> **What the exercise asks**
Using the material below, count the lines that contain the word "AREF" and report the number only.

> **Data records**

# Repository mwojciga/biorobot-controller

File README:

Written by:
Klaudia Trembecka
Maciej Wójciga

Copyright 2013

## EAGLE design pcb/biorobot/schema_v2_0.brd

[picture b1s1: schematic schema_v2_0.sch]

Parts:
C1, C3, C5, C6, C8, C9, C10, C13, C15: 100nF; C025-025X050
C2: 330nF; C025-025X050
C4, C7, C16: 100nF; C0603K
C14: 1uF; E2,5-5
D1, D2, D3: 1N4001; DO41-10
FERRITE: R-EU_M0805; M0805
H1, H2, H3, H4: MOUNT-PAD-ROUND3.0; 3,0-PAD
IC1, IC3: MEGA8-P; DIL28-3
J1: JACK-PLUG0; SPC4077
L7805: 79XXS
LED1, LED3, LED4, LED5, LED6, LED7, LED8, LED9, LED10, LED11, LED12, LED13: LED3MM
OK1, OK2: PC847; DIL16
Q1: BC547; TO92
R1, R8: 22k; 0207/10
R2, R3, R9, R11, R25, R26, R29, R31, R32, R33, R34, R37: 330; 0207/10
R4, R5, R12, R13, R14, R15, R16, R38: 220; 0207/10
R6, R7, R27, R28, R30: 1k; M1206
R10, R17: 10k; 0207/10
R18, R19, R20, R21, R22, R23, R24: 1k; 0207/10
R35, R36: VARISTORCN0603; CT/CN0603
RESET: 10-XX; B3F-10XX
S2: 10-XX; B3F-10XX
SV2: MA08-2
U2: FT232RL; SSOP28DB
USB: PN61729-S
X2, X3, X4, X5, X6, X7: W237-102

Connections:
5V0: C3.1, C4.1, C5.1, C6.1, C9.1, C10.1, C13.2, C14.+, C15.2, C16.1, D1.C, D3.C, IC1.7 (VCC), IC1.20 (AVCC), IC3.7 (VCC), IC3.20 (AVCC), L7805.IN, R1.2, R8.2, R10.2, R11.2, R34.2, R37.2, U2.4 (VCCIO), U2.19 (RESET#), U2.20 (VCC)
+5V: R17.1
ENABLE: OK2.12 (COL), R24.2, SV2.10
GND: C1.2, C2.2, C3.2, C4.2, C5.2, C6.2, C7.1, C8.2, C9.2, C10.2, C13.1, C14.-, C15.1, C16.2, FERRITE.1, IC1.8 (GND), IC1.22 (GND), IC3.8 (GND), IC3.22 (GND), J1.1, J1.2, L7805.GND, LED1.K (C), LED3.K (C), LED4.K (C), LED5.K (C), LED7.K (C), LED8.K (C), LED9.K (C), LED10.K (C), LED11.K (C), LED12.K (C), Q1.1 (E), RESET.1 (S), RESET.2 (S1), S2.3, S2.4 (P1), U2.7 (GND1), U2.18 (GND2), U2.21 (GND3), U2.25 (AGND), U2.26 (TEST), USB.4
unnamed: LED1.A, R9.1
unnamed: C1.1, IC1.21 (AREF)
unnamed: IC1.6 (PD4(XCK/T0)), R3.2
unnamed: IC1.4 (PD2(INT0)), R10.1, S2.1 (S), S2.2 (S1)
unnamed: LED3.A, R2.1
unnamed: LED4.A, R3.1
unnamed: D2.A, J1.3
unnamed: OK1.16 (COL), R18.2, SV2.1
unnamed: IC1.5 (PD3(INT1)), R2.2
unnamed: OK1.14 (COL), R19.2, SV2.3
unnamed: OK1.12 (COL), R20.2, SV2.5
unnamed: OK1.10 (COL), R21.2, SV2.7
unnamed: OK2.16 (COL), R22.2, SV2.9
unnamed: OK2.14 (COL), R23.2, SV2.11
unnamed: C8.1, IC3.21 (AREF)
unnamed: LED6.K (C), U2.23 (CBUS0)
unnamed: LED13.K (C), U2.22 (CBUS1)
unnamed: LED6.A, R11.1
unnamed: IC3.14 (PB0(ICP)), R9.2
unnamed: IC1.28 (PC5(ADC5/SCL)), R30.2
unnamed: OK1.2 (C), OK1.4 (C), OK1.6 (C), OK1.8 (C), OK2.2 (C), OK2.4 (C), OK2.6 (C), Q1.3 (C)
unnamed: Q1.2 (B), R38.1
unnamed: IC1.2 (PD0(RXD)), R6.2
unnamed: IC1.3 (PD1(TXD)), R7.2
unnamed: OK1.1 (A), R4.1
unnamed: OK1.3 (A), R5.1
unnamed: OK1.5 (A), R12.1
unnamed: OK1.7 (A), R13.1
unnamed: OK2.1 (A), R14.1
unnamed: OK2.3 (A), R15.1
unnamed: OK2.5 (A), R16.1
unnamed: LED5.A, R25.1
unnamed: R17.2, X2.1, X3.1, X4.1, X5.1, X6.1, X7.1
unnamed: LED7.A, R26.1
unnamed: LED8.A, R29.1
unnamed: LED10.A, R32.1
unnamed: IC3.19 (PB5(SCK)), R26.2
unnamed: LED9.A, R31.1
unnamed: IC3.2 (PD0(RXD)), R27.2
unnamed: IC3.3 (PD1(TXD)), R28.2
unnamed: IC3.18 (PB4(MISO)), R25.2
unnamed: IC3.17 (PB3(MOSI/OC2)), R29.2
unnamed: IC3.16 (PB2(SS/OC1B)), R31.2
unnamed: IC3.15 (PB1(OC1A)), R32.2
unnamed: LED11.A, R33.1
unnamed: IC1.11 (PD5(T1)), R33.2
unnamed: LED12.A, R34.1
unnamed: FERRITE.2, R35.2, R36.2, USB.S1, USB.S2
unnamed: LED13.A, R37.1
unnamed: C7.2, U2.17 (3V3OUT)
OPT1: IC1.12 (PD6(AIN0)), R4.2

> **Your response**
2